Segundo o governo, o aparelho celular não entrou no programa por vedação expressa na Lei nº 173 de 27 de maio de 2020, que estabelece o Programa Federativo de Enfrentamento ao Coronavírus, uma lei complementar e emergencial para conter gastos públicos durante o período de enfrentamento à Covid-19.


Se não há previsão para incentivo à compra de telefones, existe um projeto, de R$ 70 milhões, para compra de pacotes de internet para celular. “A ideia é distribuir 750 mil chips aos alunos e 250 mil aos servidores da rede”, conta Moneo. Também ressalta que, dentro do ambiente do centro de mídias da educação paulista, o usuário não precisa gastar com internet, por conta de uma política de patrocínio de dados de aplicativo.


Para a deputada estadual Maria Izabel Azevedo Noronha (PT), a Professora Bebel, 60, presidente da Apeoesp (sindicato dos professores do ensino oficial do estado de São Paulo), qualquer ajuda de custo é bem-vinda, ainda mais se for pela inclusão digital do magistério. Ela ressalta, porém, que São Paulo deveria estar na liderança dos programas tecnológicos.


“Um professor com menos de 40 aulas semanais não ganha R$ 2.000. Você obrigá-lo a comprar sua própria ferramenta de trabalho é desamparo, mesmo que haja a possibilidade de reembolso futuro. Alguns profissionais mal conseguem ter em casa um plano de internet decente.”

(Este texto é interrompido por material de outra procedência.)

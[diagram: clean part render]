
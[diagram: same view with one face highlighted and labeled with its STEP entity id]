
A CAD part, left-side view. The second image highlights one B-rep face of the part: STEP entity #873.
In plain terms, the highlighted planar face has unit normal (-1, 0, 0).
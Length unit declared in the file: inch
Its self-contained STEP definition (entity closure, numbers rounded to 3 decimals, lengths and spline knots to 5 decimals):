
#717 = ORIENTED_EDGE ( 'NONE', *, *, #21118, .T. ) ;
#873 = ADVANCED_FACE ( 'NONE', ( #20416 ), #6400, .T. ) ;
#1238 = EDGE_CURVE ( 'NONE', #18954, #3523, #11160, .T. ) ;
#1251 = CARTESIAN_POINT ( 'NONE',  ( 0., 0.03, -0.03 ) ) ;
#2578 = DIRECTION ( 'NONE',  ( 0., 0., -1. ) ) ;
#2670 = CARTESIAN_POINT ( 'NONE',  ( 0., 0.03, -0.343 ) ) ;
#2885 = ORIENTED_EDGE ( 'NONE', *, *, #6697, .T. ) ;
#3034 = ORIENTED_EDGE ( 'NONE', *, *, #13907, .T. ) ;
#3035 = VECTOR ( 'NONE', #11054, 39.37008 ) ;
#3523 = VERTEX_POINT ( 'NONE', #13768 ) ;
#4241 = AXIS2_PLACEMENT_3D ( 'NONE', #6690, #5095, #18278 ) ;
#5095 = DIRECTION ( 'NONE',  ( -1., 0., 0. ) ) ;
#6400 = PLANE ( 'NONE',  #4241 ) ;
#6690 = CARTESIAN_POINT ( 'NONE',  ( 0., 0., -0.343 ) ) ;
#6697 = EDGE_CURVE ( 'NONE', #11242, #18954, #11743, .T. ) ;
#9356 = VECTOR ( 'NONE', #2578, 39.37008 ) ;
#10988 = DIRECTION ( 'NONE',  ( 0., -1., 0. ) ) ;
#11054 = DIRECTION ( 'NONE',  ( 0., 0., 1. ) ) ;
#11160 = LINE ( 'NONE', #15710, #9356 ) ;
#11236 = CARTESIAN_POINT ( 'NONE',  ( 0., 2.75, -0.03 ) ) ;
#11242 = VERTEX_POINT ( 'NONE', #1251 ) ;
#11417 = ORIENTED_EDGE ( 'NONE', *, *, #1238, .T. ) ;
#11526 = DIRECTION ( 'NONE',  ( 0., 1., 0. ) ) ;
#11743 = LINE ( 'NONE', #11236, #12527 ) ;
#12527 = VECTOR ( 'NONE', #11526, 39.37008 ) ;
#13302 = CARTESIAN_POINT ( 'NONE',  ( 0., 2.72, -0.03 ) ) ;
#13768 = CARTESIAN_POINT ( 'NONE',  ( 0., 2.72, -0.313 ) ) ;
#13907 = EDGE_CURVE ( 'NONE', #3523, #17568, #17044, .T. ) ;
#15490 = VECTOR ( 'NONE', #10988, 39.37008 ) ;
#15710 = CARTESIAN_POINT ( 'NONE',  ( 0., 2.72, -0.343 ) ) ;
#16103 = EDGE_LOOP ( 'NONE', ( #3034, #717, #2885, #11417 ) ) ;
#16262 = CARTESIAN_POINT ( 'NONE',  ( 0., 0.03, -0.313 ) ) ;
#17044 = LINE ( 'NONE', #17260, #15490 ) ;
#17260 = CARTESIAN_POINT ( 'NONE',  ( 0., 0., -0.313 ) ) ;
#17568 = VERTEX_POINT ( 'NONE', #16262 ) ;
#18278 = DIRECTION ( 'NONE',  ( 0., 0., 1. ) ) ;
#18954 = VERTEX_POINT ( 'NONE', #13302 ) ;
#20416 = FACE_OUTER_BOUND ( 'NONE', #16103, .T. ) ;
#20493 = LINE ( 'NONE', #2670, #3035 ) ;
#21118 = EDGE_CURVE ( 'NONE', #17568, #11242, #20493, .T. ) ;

De acordo com a pasta do secretário Rossieli Soares, o programa tinha recebido até esta semana pouco mais 55 mil adesões, o que não significa que os que aceitaram as condições vão comprar ou renovar seus equipamentos.


O professor tem até março do ano que vem para aderir ao programa e, caso resolva comprar o equipamento, apresentar à secretaria, até o final de abril, a nota fiscal em seu nome.


Nos próximos dias, segundo o governo paulista, deve ser anunciada parceria com alguma grande rede varejista.